OnActionReceived() called before SetMask()

I’m making a chess AI through self-playing.
There are two players A and B, and A plays first.
When A plays, everything works normally. The program calls SetMask(), and then OnActionReceived().
6070314--658038--Screenshot - 7_9_2020 , 12_55_47 AM.png
When B plays, it calls OnActionReceived() before SetMask(). (The 3rd and 5th line in the screenshot below)
6070314--658041--Screenshot - 7_9_2020 , 12_56_01 AM.png
And even weirder, when player B makes his first move, the agent uses player A’s mask. After his first move, player B still calls OnActionReceived() before SetMask(), but he uses the mask from the previous round.
Here is my agent setting:
Player A:
6070314--658035--Screenshot - 7_9_2020 , 1_07_03 AM.png
Player B:
6070314--658032--Screenshot - 7_9_2020 , 1_06_53 AM.png

Well I spent few hours and finally found where the problem is. I should WaitForFixedUpdate before I request Agent’s decision.
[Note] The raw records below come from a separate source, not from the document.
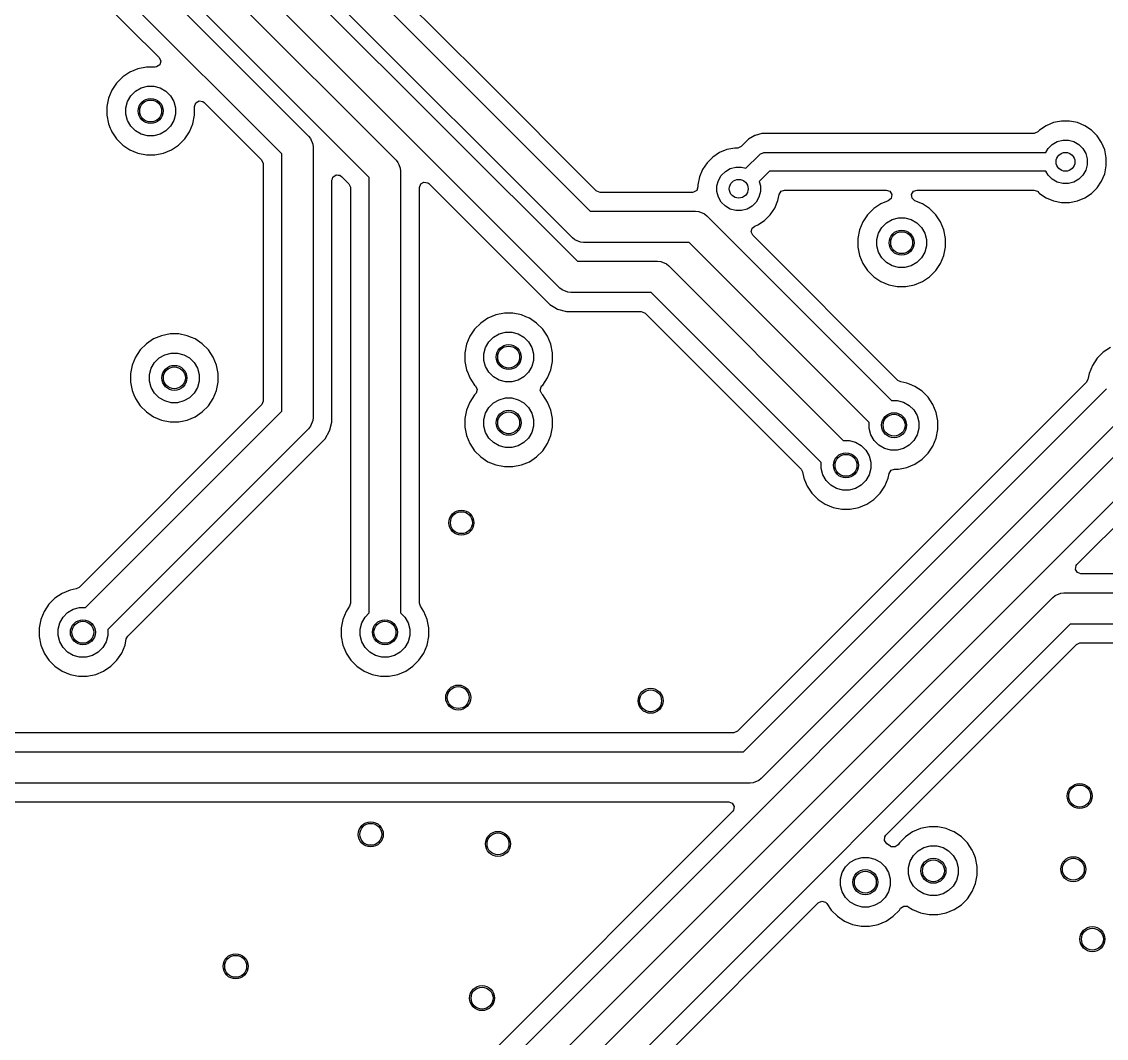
# Model space of a CAD drawing. Extents: x 4.82 to 6.81, y -4.86 to -2.87.
# Drawn here: x 5.231 to 5.914, y -3.975 to -3.336 of the extents above; entities that cross this region are included whole.
import ezdxf

# ---------------------------------------------------------------- set-up
doc = ezdxf.new("R2010")
doc.units = 0
doc.header["$MEASUREMENT"] = 0
doc.layers.add('BLACK', color=7, linetype='CONTINUOUS')

msp = doc.modelspace()

# ---------------------------------------------------------------- linework, layer by layer
at = {"layer": 'BLACK', "linetype": 'CONTINUOUS'}
for p, q in [((5.34974, -3.25537), (5.58099, -3.48661)), ((5.56995, -3.50342), (5.33294, -3.26641)), ((5.31474, -3.27084), (5.46686, -3.42296)), ((5.28128, -3.27738), (5.41186, -3.40796)), ((5.45006, -3.434), (5.29794, -3.28188)), ((5.25409, -3.29476), (5.31786, -3.35853)), ((5.39506, -3.419), (5.26448, -3.28842)), ((5.52104, -3.37041), (5.44821, -3.29758)), ((5.44186, -3.30796), (5.58898, -3.45508)), ((5.57794, -3.47188), (5.42794, -3.32188)), ((5.31825, -3.36301), (5.31629, -3.36439)), ((5.31786, -3.35853), (5.31887, -3.3607)), ((5.31887, -3.3607), (5.31825, -3.36301)), ((5.29948, -3.36765), (5.29496, -3.37066)), ((5.30449, -3.36557), (5.29948, -3.36765)), ((5.29948, -3.36765), (5.29948, -3.36765)), ((5.30449, -3.36557), (5.30449, -3.36557)), ((5.30982, -3.36451), (5.30449, -3.36557)), ((5.31538, -3.36451), (5.30982, -3.36451)), ((5.31629, -3.36439), (5.31538, -3.36451)), ((5.29112, -3.37451), (5.2881, -3.37902)), ((5.29496, -3.37066), (5.29112, -3.37451)), ((5.30651, -3.37754), (5.31048, -3.37647)), ((5.31048, -3.37647), (5.31459, -3.37647)), ((5.31459, -3.37647), (5.31857, -3.37754)), ((5.59285, -3.44222), (5.52104, -3.37041)), ((5.2881, -3.37902), (5.28602, -3.38404)), ((5.2881, -3.37902), (5.2881, -3.37902)), ((5.29799, -3.38606), (5.30005, -3.3825)), ((5.30005, -3.3825), (5.30295, -3.37959)), ((5.30295, -3.37959), (5.30651, -3.37754)), ((5.31857, -3.37754), (5.32213, -3.37959)), ((5.32213, -3.37959), (5.32503, -3.3825)), ((5.32503, -3.3825), (5.32709, -3.38606)), ((5.28602, -3.38404), (5.28496, -3.38937)), ((5.28496, -3.38937), (5.28496, -3.3948)), ((5.28602, -3.38404), (5.28602, -3.38404)), ((5.29693, -3.39003), (5.29799, -3.38606)), ((5.29693, -3.39414), (5.29693, -3.39003)), ((5.32709, -3.38606), (5.32815, -3.39003)), ((5.32815, -3.39003), (5.32815, -3.39414)), ((5.34012, -3.38925), (5.34094, -3.387)), ((5.34012, -3.38937), (5.34012, -3.38925)), ((5.34012, -3.3948), (5.34012, -3.38937)), ((5.34094, -3.387), (5.34301, -3.3858)), ((5.34301, -3.3858), (5.34537, -3.38621)), ((5.34537, -3.38621), (5.3461, -3.38677)), ((5.3461, -3.38677), (5.3822, -3.42287)), ((5.28496, -3.3948), (5.28602, -3.40013)), ((5.29799, -3.39811), (5.29693, -3.39414)), ((5.32815, -3.39414), (5.32709, -3.39811)), ((5.33906, -3.40013), (5.34012, -3.3948)), ((5.28602, -3.40013), (5.28602, -3.40013)), ((5.28602, -3.40013), (5.28716, -3.40288)), ((5.28716, -3.40288), (5.28769, -3.40416)), ((5.28769, -3.40416), (5.2881, -3.40515)), ((5.30005, -3.40167), (5.29799, -3.39811)), ((5.30295, -3.40458), (5.30005, -3.40167)), ((5.32503, -3.40167), (5.32213, -3.40458)), ((5.32709, -3.39811), (5.32503, -3.40167)), ((5.33698, -3.40515), (5.33906, -3.40013)), ((5.87167, -3.40416), (5.87054, -3.40529)), ((5.87587, -3.40136), (5.87167, -3.40416)), ((5.88053, -3.39943), (5.87587, -3.40136)), ((5.87587, -3.40136), (5.87587, -3.40136)), ((5.88548, -3.39844), (5.88053, -3.39943)), ((5.88053, -3.39943), (5.88053, -3.39943)), ((5.89052, -3.39844), (5.88548, -3.39844)), ((5.88548, -3.39844), (5.88548, -3.39844)), ((5.89547, -3.39943), (5.89052, -3.39844)), ((5.89052, -3.39844), (5.89052, -3.39844)), ((5.90013, -3.40136), (5.89547, -3.39943)), ((5.89547, -3.39943), (5.89547, -3.39943)), ((5.90433, -3.40416), (5.90013, -3.40136)), ((5.90013, -3.40136), (5.90013, -3.40136)), ((5.90013, -3.40136), (5.90013, -3.40136)), ((5.90789, -3.40773), (5.90433, -3.40416)), ((5.2881, -3.40515), (5.29112, -3.40967)), ((5.29112, -3.40967), (5.29496, -3.41351)), ((5.30651, -3.40664), (5.30295, -3.40458)), ((5.31048, -3.4077), (5.30651, -3.40664)), ((5.31459, -3.4077), (5.31048, -3.4077)), ((5.31857, -3.40664), (5.31459, -3.4077)), ((5.32213, -3.40458), (5.31857, -3.40664)), ((5.33012, -3.41351), (5.33396, -3.40967)), ((5.33396, -3.40967), (5.33698, -3.40515)), ((5.41186, -3.40796), (5.41309, -3.40945)), ((5.41309, -3.40945), (5.41309, -3.40945)), ((5.41309, -3.40945), (5.41455, -3.413)), ((5.68848, -3.40986), (5.68398, -3.41436)), ((5.69252, -3.40753), (5.68848, -3.40986)), ((5.6928, -3.40745), (5.69252, -3.40753)), ((5.69252, -3.40753), (5.69252, -3.40753)), ((5.69703, -3.40632), (5.6928, -3.40745)), ((5.6928, -3.40745), (5.6928, -3.40745)), ((5.86807, -3.40632), (5.69703, -3.40632)), ((5.86837, -3.40631), (5.86807, -3.40632)), ((5.87054, -3.40529), (5.86837, -3.40631)), ((5.88273, -3.41132), (5.8862, -3.41039)), ((5.8862, -3.41039), (5.8898, -3.41039)), ((5.8898, -3.41039), (5.89327, -3.41132)), ((5.9107, -3.41192), (5.90789, -3.40773)), ((5.29496, -3.41351), (5.29948, -3.41653)), ((5.29948, -3.41653), (5.30449, -3.41861)), ((5.32058, -3.41861), (5.3256, -3.41653)), ((5.3256, -3.41653), (5.33012, -3.41351)), ((5.41455, -3.413), (5.41474, -3.41492)), ((5.41474, -3.41492), (5.41474, -3.58492)), ((5.67495, -3.41637), (5.67029, -3.4183)), ((5.6799, -3.41539), (5.67495, -3.41637)), ((5.67495, -3.41637), (5.67495, -3.41637)), ((5.6815, -3.41539), (5.6799, -3.41539)), ((5.6818, -3.41538), (5.6815, -3.41539)), ((5.68398, -3.41436), (5.6818, -3.41538)), ((5.87563, -3.41815), (5.87707, -3.41567)), ((5.87707, -3.41567), (5.87961, -3.41312)), ((5.87961, -3.41312), (5.88273, -3.41132)), ((5.89327, -3.41132), (5.89639, -3.41312)), ((5.89639, -3.41312), (5.89893, -3.41567)), ((5.89893, -3.41567), (5.90073, -3.41878)), ((5.91263, -3.41658), (5.9107, -3.41192)), ((5.91361, -3.42153), (5.91263, -3.41658)), ((5.30449, -3.41861), (5.30982, -3.41967)), ((5.30982, -3.41967), (5.30982, -3.41967)), ((5.30982, -3.41967), (5.31526, -3.41967)), ((5.31526, -3.41967), (5.32058, -3.41861)), ((5.31526, -3.41967), (5.31526, -3.41967)), ((5.3822, -3.42287), (5.38321, -3.42504)), ((5.39506, -3.58084), (5.39506, -3.419)), ((5.46686, -3.42296), (5.46809, -3.42445)), ((5.46809, -3.42445), (5.46864, -3.4258)), ((5.66253, -3.42467), (5.65973, -3.42887)), ((5.6661, -3.42111), (5.66253, -3.42467)), ((5.67029, -3.4183), (5.6661, -3.42111)), ((5.67029, -3.4183), (5.67029, -3.4183)), ((5.68699, -3.42808), (5.69519, -3.41988)), ((5.69519, -3.41988), (5.69609, -3.41914)), ((5.69609, -3.41914), (5.69739, -3.41861)), ((5.69739, -3.41861), (5.69821, -3.41826)), ((5.69821, -3.41826), (5.69937, -3.41815)), ((5.69937, -3.41815), (5.87563, -3.41815)), ((5.90073, -3.41878), (5.90166, -3.42226)), ((5.90166, -3.42226), (5.90166, -3.42585)), ((5.91361, -3.42658), (5.91361, -3.42153)), ((5.38321, -3.42504), (5.38323, -3.42535)), ((5.38323, -3.42535), (5.38323, -3.57449)), ((5.46864, -3.4258), (5.46955, -3.428)), ((5.46955, -3.428), (5.46974, -3.42992)), ((5.46974, -3.42992), (5.46974, -3.70768)), ((5.65973, -3.42887), (5.6578, -3.43353)), ((5.65973, -3.42887), (5.65973, -3.42887)), ((5.67149, -3.43261), (5.67403, -3.43007)), ((5.67403, -3.43007), (5.67715, -3.42827)), ((5.67715, -3.42827), (5.68062, -3.42734)), ((5.68062, -3.42734), (5.68422, -3.42734)), ((5.68422, -3.42734), (5.68699, -3.42808)), ((5.70181, -3.42996), (5.69534, -3.43643)), ((5.87563, -3.42996), (5.70181, -3.42996)), ((5.87707, -3.43244), (5.87563, -3.42996)), ((5.90073, -3.42933), (5.89893, -3.43244)), ((5.90166, -3.42585), (5.90073, -3.42933)), ((5.9107, -3.43619), (5.91263, -3.43153)), ((5.91263, -3.43153), (5.91361, -3.42658)), ((5.42657, -3.4357), (5.42694, -3.43471)), ((5.42657, -3.58777), (5.42657, -3.4357)), ((5.42694, -3.43471), (5.42721, -3.43369)), ((5.42721, -3.43369), (5.42734, -3.4336)), ((5.42734, -3.4336), (5.42739, -3.43345)), ((5.42739, -3.43345), (5.42831, -3.43292)), ((5.42831, -3.43292), (5.42917, -3.43232)), ((5.42917, -3.43232), (5.42933, -3.43233)), ((5.42933, -3.43233), (5.42947, -3.43225)), ((5.42947, -3.43225), (5.43051, -3.43244)), ((5.43051, -3.43244), (5.43156, -3.43253)), ((5.43156, -3.43253), (5.43174, -3.43265)), ((5.43174, -3.43265), (5.43183, -3.43267)), ((5.43183, -3.43267), (5.43256, -3.43323)), ((5.43256, -3.43323), (5.4372, -3.43787)), ((5.4372, -3.43787), (5.43821, -3.44004)), ((5.45006, -3.70768), (5.45006, -3.434)), ((5.48157, -3.44023), (5.48239, -3.43798)), ((5.48239, -3.43798), (5.48447, -3.43678)), ((5.48447, -3.43678), (5.48683, -3.4372)), ((5.48683, -3.4372), (5.48756, -3.43775)), ((5.48756, -3.43775), (5.5636, -3.5138)), ((5.6578, -3.43353), (5.65681, -3.43848)), ((5.6578, -3.43353), (5.6578, -3.43353)), ((5.66876, -3.4392), (5.66969, -3.43573)), ((5.66969, -3.43573), (5.67149, -3.43261)), ((5.69534, -3.43643), (5.69608, -3.4392)), ((5.87961, -3.43499), (5.87707, -3.43244)), ((5.88273, -3.43679), (5.87961, -3.43499)), ((5.8862, -3.43772), (5.88273, -3.43679)), ((5.8898, -3.43772), (5.8862, -3.43772)), ((5.89327, -3.43679), (5.8898, -3.43772)), ((5.89639, -3.43499), (5.89327, -3.43679)), ((5.89893, -3.43244), (5.89639, -3.43499)), ((5.90789, -3.44038), (5.9107, -3.43619)), ((5.43821, -3.44004), (5.43823, -3.44035)), ((5.43823, -3.44035), (5.43823, -3.70165)), ((5.48157, -3.54413), (5.48157, -3.44023)), ((5.59308, -3.44243), (5.59285, -3.44222)), ((5.59533, -3.44325), (5.59308, -3.44243)), ((5.65331, -3.44325), (5.59533, -3.44325)), ((5.65392, -3.44319), (5.65331, -3.44325)), ((5.65599, -3.442), (5.65392, -3.44319)), ((5.65681, -3.43974), (5.65599, -3.442)), ((5.65681, -3.43848), (5.65681, -3.43974)), ((5.66876, -3.4428), (5.66876, -3.4392)), ((5.66969, -3.44627), (5.66876, -3.4428)), ((5.69608, -3.4428), (5.69515, -3.44627)), ((5.69608, -3.4392), (5.69608, -3.4428)), ((5.70705, -3.44847), (5.70781, -3.44461)), ((5.70781, -3.44461), (5.70906, -3.44256)), ((5.70906, -3.44256), (5.71125, -3.44179)), ((5.71125, -3.44179), (5.7752, -3.44179)), ((5.7752, -3.44179), (5.77745, -3.44261)), ((5.77745, -3.44261), (5.77865, -3.44469)), ((5.77865, -3.44469), (5.77824, -3.44705)), ((5.79118, -3.44454), (5.79247, -3.44252)), ((5.79149, -3.44691), (5.79118, -3.44454)), ((5.79247, -3.44252), (5.7946, -3.44179)), ((5.7946, -3.44179), (5.86807, -3.44179)), ((5.86807, -3.44179), (5.87032, -3.44261)), ((5.87032, -3.44261), (5.87054, -3.44282)), ((5.87054, -3.44282), (5.87125, -3.44352)), ((5.87125, -3.44352), (5.87167, -3.44395)), ((5.87167, -3.44395), (5.87587, -3.44675)), ((5.90013, -3.44675), (5.90433, -3.44395)), ((5.90433, -3.44395), (5.90789, -3.44038)), ((5.67149, -3.44939), (5.66969, -3.44627)), ((5.67403, -3.45193), (5.67149, -3.44939)), ((5.67715, -3.45373), (5.67403, -3.45193)), ((5.69081, -3.45193), (5.68769, -3.45373)), ((5.69335, -3.44939), (5.69081, -3.45193)), ((5.69515, -3.44627), (5.69335, -3.44939)), ((5.70512, -3.45313), (5.70705, -3.44847)), ((5.77184, -3.45048), (5.76732, -3.4535)), ((5.77654, -3.44853), (5.77184, -3.45048)), ((5.77184, -3.45048), (5.77184, -3.45048)), ((5.77824, -3.44705), (5.77654, -3.44853)), ((5.79326, -3.44853), (5.79149, -3.44691)), ((5.79796, -3.45048), (5.79326, -3.44853)), ((5.80248, -3.4535), (5.79796, -3.45048)), ((5.79796, -3.45048), (5.79796, -3.45048)), ((5.79796, -3.45048), (5.79796, -3.45048)), ((5.87587, -3.44675), (5.88053, -3.44868)), ((5.88053, -3.44868), (5.88548, -3.44967)), ((5.88548, -3.44967), (5.88548, -3.44967)), ((5.88548, -3.44967), (5.89052, -3.44967)), ((5.89052, -3.44967), (5.89547, -3.44868)), ((5.89052, -3.44967), (5.89052, -3.44967)), ((5.89547, -3.44868), (5.90013, -3.44675)), ((5.58898, -3.45508), (5.65535, -3.45508)), ((5.65535, -3.45508), (5.65727, -3.45527)), ((5.65727, -3.45527), (5.66082, -3.45674)), ((5.66082, -3.45674), (5.66082, -3.45674)), ((5.66082, -3.45674), (5.66231, -3.45796)), ((5.66231, -3.45796), (5.77845, -3.5741)), ((5.68062, -3.45466), (5.67715, -3.45373)), ((5.68422, -3.45466), (5.68062, -3.45466)), ((5.68769, -3.45373), (5.68422, -3.45466)), ((5.69875, -3.46089), (5.70231, -3.45733)), ((5.70231, -3.45733), (5.70512, -3.45313)), ((5.76348, -3.45734), (5.76046, -3.46186)), ((5.76732, -3.4535), (5.76348, -3.45734)), ((5.80632, -3.45734), (5.80248, -3.4535)), ((5.80934, -3.46186), (5.80632, -3.45734)), ((5.69095, -3.46578), (5.69248, -3.46455)), ((5.69248, -3.46455), (5.69455, -3.4637)), ((5.69455, -3.4637), (5.69875, -3.46089)), ((5.76046, -3.46186), (5.75838, -3.46688)), ((5.76046, -3.46186), (5.76046, -3.46186)), ((5.77035, -3.46889), (5.77241, -3.46533)), ((5.77241, -3.46533), (5.77531, -3.46243)), ((5.77531, -3.46243), (5.77888, -3.46037)), ((5.77888, -3.46037), (5.78285, -3.45931)), ((5.78285, -3.45931), (5.78696, -3.45931)), ((5.78696, -3.45931), (5.79093, -3.46037)), ((5.79093, -3.46037), (5.79449, -3.46243)), ((5.79449, -3.46243), (5.7974, -3.46533)), ((5.7974, -3.46533), (5.79945, -3.46889)), ((5.81142, -3.46688), (5.80934, -3.46186)), ((5.57943, -3.47311), (5.57794, -3.47188)), ((5.69033, -3.46809), (5.69095, -3.46578)), ((5.69135, -3.47027), (5.69033, -3.46809)), ((5.78256, -3.56148), (5.69135, -3.47027)), ((5.75838, -3.46688), (5.75732, -3.4722)), ((5.75732, -3.4722), (5.75732, -3.47764)), ((5.75838, -3.46688), (5.75838, -3.46688)), ((5.76929, -3.47287), (5.77035, -3.46889)), ((5.79945, -3.46889), (5.80051, -3.47287)), ((5.81248, -3.4722), (5.81142, -3.46688)), ((5.81248, -3.47764), (5.81248, -3.4722)), ((5.58298, -3.47457), (5.57943, -3.47311)), ((5.5849, -3.47476), (5.58298, -3.47457)), ((5.58298, -3.47457), (5.58298, -3.47457)), ((5.65127, -3.47476), (5.5849, -3.47476)), ((5.76453, -3.58802), (5.65127, -3.47476)), ((5.75732, -3.47764), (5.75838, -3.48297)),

Glad, you were able to solve this. Out of curiosity, how come you are using stacked observations for a Chess AI?

In general, I’d be really interested to see how this turns out.

My observation is simply the whole chess board. It’s like an image and each pixel represents a single cell of the chess board. The reason the number of observations is 100 instead of 64, is that I’m using a 10*10 chess board :stuck_out_tongue:
The stacked observation idea comes from AlphaGo’s architecture. AlphaGo used 17 stacked observation (which is the current state + past few moves) for training. So here I also used stacked observations, but a relatively small number.
6077325--659253--20071016-02051.png
This is a screenshot I took from a YouTube video (AlphaGo Zero Tutorial Part 3 - Neural Network Architecture) And I believe this is true.

When it comes to the training performance, I don’t really know if I benefit from this stacked observation. Actually, I tried different settings, like a stack of 3, a stack of 4 etc. But there isn’t really that much difference between different stack numbers.
The real problem for me is that, at a certain point (say after 1 million steps) both players become stagnant, they stop exploring new policies and more often they just repeat a certain (crappy) strategy. So it’s hard to tell whether training with stacked observation gives me a better policy.